LV end-systolic elastance (Ees) was calculated as the ratio of aortic mean systolic pressure versus end-systolic volume: Ees=MAP/ESV.16
Effective arterial elastance (Ea) was calculated as the ratio of aortic mean systolic pressure versus SV: Ea=MAP/SV. Ea was used in the calculation of the arterial-ventricular coupling index, CLV/A = Ea/Ees.17
LV stiffness represents the slope of the diastolic pressure-volume curve and was evaluated in 3 different ways:
Method 1: LV stiffness 1 was approximated as dP/dV=(EDP−Min DP)/(EDV−ESV).
Method 2: LV stiffness 2 was approximated as the end-diastolic pressure-volume ratio: EDP/EDV.

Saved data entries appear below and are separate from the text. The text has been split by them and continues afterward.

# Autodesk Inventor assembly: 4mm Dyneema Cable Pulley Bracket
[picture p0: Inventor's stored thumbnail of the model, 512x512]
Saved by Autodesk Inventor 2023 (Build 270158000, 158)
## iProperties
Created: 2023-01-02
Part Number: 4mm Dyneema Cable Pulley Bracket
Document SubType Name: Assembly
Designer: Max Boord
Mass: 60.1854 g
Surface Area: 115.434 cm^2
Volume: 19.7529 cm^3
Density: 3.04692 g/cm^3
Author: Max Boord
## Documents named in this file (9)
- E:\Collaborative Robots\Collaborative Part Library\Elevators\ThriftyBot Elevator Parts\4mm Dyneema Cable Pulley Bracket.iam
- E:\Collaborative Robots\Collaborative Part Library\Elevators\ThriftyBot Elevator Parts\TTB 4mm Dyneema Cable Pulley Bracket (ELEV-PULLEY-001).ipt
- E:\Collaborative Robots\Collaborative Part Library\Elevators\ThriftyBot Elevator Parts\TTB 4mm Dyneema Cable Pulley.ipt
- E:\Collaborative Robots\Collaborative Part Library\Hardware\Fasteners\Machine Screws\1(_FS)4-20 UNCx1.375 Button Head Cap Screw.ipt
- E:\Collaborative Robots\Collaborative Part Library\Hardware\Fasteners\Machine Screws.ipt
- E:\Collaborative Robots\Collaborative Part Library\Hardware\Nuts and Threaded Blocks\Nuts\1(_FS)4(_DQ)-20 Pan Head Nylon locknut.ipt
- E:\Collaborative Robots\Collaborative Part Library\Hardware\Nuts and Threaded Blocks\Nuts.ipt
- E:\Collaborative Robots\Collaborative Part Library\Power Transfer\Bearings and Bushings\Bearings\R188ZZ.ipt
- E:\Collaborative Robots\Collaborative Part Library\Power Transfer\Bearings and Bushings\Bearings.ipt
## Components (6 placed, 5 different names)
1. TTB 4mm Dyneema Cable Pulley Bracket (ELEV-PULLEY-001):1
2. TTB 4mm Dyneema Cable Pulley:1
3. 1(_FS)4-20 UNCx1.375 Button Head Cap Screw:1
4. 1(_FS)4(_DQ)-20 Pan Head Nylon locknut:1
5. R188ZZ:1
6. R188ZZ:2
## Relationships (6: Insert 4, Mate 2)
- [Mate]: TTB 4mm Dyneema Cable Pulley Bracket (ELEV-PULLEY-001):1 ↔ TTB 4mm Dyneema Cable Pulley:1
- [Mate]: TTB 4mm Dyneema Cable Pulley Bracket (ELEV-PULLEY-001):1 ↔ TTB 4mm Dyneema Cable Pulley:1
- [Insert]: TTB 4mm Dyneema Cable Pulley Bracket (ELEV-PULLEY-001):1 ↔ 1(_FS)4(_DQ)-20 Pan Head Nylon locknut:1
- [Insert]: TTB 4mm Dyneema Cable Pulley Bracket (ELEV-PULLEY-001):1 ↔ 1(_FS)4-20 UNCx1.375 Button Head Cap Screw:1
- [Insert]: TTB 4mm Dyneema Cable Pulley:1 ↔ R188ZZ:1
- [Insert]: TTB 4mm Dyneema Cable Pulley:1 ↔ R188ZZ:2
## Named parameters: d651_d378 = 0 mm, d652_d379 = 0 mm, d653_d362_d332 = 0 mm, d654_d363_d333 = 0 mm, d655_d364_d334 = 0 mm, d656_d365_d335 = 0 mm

Method 3: LV stiffness 3 was defined as the exponential coefficient β that was solved for by the exponential diastolic pressure-volume relationship P=P0e βV, which has been curve fitted through 3 pressure-volume data: (min DP, ESV), (pre-A pressure, pre-A volume), and (EDV, EDV).
For Tables 1–6, continuous data were presented as mean±SD. Differences between the 3 groups of patients in continuous variables were tested with a 1-way ANOVA with significant differences evaluated at P<0.05, followed by a Bonferroni post hoc test for between-group pairwise comparisons with significant differences evaluated at P<0.01. Categorical data were presented as percent, and differences between groups were determined using a χ2 test with significant differences evaluated at P<0.05 (SigmaStat 3.5, Systat Software, Inc, San Jose, CA).
Mathematical modeling was used to analyze the data presented in Figures 2 and 3. In Figure 3, data examining the relationship between LV EDP versus E/E′ and LV minimum pressure versus E′ were analyzed with a linear least-squares best-fit regression analysis. In Figure 2, data examining the relationship between LV diastolic pressure and LV diastolic volume were analyzed by fitting 3 pressure-volume data points (min DP, ESV), (pre-A pressure, pre-A volume), and (EDP, EDV) to an exponential curve function: P=P0e βV, where pressure (P) and volume (V) data were used to solve for the exponent βP0 represented the pressure at the y-axis intercept and was set at 5 mm Hg. β Reflects the LV diastolic stiffness.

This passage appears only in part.